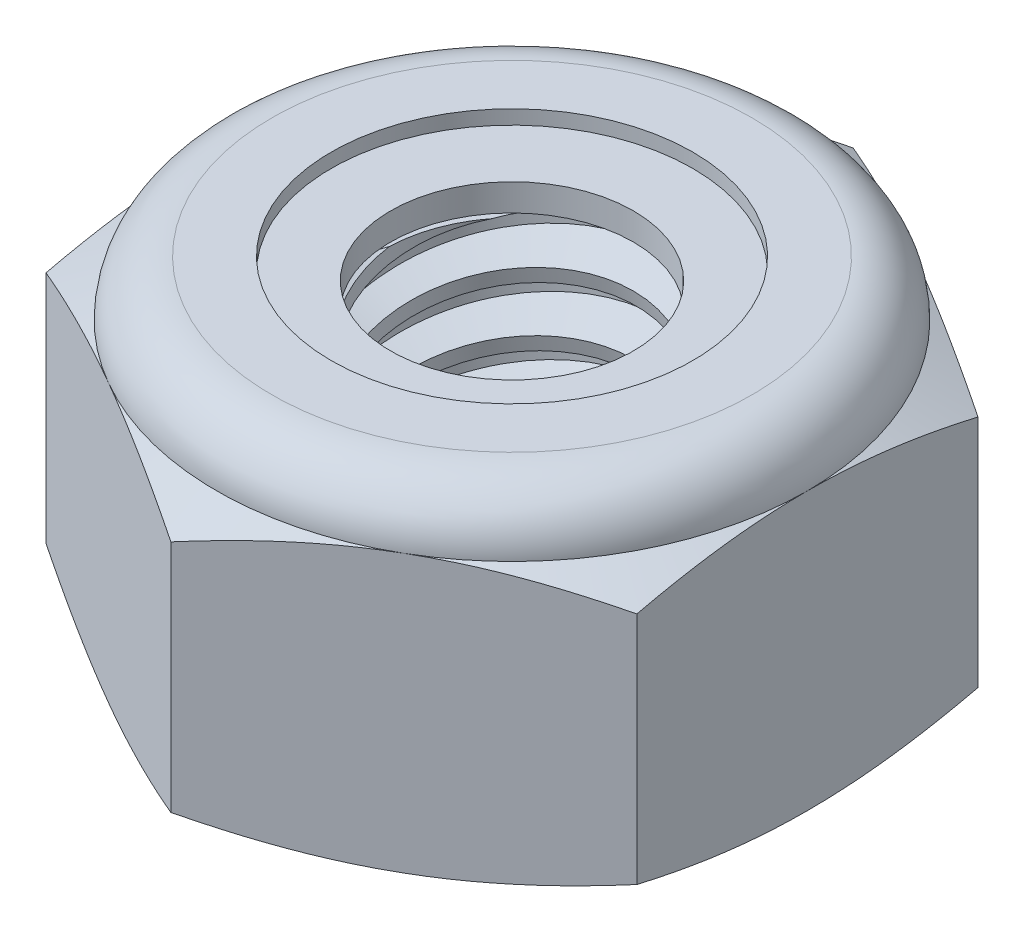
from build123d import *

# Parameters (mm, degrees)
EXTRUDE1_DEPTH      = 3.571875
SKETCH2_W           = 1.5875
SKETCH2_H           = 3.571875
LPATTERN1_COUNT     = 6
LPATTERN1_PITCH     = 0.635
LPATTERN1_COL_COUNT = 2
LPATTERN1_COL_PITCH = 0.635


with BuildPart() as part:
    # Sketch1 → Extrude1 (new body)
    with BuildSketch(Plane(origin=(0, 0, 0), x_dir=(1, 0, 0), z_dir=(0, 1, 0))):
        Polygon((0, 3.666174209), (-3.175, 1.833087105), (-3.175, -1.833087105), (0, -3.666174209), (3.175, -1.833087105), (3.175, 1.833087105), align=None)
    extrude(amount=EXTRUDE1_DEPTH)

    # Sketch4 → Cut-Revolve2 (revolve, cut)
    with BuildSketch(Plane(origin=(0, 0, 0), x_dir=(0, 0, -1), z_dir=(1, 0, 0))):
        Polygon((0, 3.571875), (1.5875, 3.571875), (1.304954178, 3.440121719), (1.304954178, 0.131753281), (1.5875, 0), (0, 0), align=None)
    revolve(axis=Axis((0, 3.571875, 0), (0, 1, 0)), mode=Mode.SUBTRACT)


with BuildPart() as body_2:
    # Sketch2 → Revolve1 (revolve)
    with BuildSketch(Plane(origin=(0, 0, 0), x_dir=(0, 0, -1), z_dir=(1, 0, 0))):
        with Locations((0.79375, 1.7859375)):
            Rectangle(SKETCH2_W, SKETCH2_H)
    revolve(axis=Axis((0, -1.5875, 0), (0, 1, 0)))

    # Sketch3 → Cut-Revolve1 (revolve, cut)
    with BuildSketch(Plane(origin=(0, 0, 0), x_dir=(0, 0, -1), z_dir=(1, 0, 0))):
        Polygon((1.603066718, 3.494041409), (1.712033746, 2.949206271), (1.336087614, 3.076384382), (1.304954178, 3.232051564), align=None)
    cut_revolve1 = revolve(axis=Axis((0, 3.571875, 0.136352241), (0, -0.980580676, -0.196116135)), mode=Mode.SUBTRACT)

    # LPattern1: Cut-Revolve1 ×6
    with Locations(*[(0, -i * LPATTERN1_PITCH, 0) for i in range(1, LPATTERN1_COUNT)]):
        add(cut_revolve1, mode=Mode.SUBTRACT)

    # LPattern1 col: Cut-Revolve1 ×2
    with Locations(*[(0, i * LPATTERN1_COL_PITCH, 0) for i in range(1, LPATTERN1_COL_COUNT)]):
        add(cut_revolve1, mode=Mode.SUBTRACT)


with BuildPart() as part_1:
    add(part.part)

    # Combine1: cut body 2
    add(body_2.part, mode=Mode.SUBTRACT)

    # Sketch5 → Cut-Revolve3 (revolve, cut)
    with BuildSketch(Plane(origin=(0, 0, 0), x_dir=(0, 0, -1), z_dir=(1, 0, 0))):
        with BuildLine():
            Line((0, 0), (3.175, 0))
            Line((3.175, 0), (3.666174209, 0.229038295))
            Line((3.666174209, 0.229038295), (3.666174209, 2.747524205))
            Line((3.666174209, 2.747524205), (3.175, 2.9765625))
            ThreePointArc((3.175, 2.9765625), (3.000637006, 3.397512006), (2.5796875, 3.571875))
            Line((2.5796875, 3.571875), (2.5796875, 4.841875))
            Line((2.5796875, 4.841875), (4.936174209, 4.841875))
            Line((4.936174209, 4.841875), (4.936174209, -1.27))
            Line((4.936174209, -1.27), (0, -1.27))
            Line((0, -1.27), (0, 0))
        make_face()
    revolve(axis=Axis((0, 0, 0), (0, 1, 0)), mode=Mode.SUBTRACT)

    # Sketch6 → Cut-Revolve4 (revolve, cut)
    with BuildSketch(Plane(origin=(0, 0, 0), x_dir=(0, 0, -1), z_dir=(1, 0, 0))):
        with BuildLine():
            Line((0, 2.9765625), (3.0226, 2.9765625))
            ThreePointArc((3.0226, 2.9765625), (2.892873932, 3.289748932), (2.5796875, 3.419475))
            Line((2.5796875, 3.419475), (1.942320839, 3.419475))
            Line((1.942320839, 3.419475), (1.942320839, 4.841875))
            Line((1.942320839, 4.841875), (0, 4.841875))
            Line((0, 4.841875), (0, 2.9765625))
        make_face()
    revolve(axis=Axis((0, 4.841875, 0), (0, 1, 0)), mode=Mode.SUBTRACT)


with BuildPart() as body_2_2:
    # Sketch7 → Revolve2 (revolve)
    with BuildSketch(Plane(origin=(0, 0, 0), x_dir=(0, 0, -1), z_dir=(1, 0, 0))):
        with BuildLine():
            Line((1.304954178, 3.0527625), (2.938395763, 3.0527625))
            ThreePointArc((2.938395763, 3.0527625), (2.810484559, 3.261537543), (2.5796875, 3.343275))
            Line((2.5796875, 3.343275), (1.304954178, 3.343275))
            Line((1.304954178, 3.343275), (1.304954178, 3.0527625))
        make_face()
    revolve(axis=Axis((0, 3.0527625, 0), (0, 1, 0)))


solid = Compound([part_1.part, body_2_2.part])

━━━━

Leave the pictures out and output the rest of the listing exactly.

_Answer to the problem_.
from build123d import *

# Parameters (mm, degrees)
EXTRUDE1_DEPTH      = 3.571875
SKETCH2_W           = 1.5875
SKETCH2_H           = 3.571875
LPATTERN1_COUNT     = 6
LPATTERN1_PITCH     = 0.635
LPATTERN1_COL_COUNT = 2
LPATTERN1_COL_PITCH = 0.635


with BuildPart() as part:
    # Sketch1 → Extrude1 (new body)
    with BuildSketch(Plane(origin=(0, 0, 0), x_dir=(1, 0, 0), z_dir=(0, 1, 0))):
        Polygon((0, 3.666174209), (-3.175, 1.833087105), (-3.175, -1.833087105), (0, -3.666174209), (3.175, -1.833087105), (3.175, 1.833087105), align=None)
    extrude(amount=EXTRUDE1_DEPTH)

    # Sketch4 → Cut-Revolve2 (revolve, cut)
    with BuildSketch(Plane(origin=(0, 0, 0), x_dir=(0, 0, -1), z_dir=(1, 0, 0))):
        Polygon((0, 3.571875), (1.5875, 3.571875), (1.304954178, 3.440121719), (1.304954178, 0.131753281), (1.5875, 0), (0, 0), align=None)
    revolve(axis=Axis((0, 3.571875, 0), (0, 1, 0)), mode=Mode.SUBTRACT)


with BuildPart() as body_2:
    # Sketch2 → Revolve1 (revolve)
    with BuildSketch(Plane(origin=(0, 0, 0), x_dir=(0, 0, -1), z_dir=(1, 0, 0))):
        with Locations((0.79375, 1.7859375)):
            Rectangle(SKETCH2_W, SKETCH2_H)
    revolve(axis=Axis((0, -1.5875, 0), (0, 1, 0)))

    # Sketch3 → Cut-Revolve1 (revolve, cut)
    with BuildSketch(Plane(origin=(0, 0, 0), x_dir=(0, 0, -1), z_dir=(1, 0, 0))):
        Polygon((1.603066718, 3.494041409), (1.712033746, 2.949206271), (1.336087614, 3.076384382), (1.304954178, 3.232051564), align=None)
    cut_revolve1 = revolve(axis=Axis((0, 3.571875, 0.136352241), (0, -0.980580676, -0.196116135)), mode=Mode.SUBTRACT)

    # LPattern1: Cut-Revolve1 ×6
    with Locations(*[(0, -i * LPATTERN1_PITCH, 0) for i in range(1, LPATTERN1_COUNT)]):
        add(cut_revolve1, mode=Mode.SUBTRACT)

    # LPattern1 col: Cut-Revolve1 ×2
    with Locations(*[(0, i * LPATTERN1_COL_PITCH, 0) for i in range(1, LPATTERN1_COL_COUNT)]):
        add(cut_revolve1, mode=Mode.SUBTRACT)


with BuildPart() as part_1:
    add(part.part)

    # Combine1: cut body 2
    add(body_2.part, mode=Mode.SUBTRACT)

    # Sketch5 → Cut-Revolve3 (revolve, cut)
    with BuildSketch(Plane(origin=(0, 0, 0), x_dir=(0, 0, -1), z_dir=(1, 0, 0))):
        with BuildLine():
            Line((0, 0), (3.175, 0))
            Line((3.175, 0), (3.666174209, 0.229038295))
            Line((3.666174209, 0.229038295), (3.666174209, 2.747524205))
            Line((3.666174209, 2.747524205), (3.175, 2.9765625))
            ThreePointArc((3.175, 2.9765625), (3.000637006, 3.397512006), (2.5796875, 3.571875))
            Line((2.5796875, 3.571875), (2.5796875, 4.841875))
            Line((2.5796875, 4.841875), (4.936174209, 4.841875))
            Line((4.936174209, 4.841875), (4.936174209, -1.27))
            Line((4.936174209, -1.27), (0, -1.27))
            Line((0, -1.27), (0, 0))
        make_face()
    revolve(axis=Axis((0, 0, 0), (0, 1, 0)), mode=Mode.SUBTRACT)

    # Sketch6 → Cut-Revolve4 (revolve, cut)
    with BuildSketch(Plane(origin=(0, 0, 0), x_dir=(0, 0, -1), z_dir=(1, 0, 0))):
        with BuildLine():
            Line((0, 2.9765625), (3.0226, 2.9765625))
            ThreePointArc((3.0226, 2.9765625), (2.892873932, 3.289748932), (2.5796875, 3.419475))
            Line((2.5796875, 3.419475), (1.942320839, 3.419475))
            Line((1.942320839, 3.419475), (1.942320839, 4.841875))
            Line((1.942320839, 4.841875), (0, 4.841875))
            Line((0, 4.841875), (0, 2.9765625))
        make_face()
    revolve(axis=Axis((0, 4.841875, 0), (0, 1, 0)), mode=Mode.SUBTRACT)


with BuildPart() as body_2_2:
    # Sketch7 → Revolve2 (revolve)
    with BuildSketch(Plane(origin=(0, 0, 0), x_dir=(0, 0, -1), z_dir=(1, 0, 0))):
        with BuildLine():
            Line((1.304954178, 3.0527625), (2.938395763, 3.0527625))
            ThreePointArc((2.938395763, 3.0527625), (2.810484559, 3.261537543), (2.5796875, 3.343275))
            Line((2.5796875, 3.343275), (1.304954178, 3.343275))
            Line((1.304954178, 3.343275), (1.304954178, 3.0527625))
        make_face()
    revolve(axis=Axis((0, 3.0527625, 0), (0, 1, 0)))


solid = Compound([part_1.part, body_2_2.part])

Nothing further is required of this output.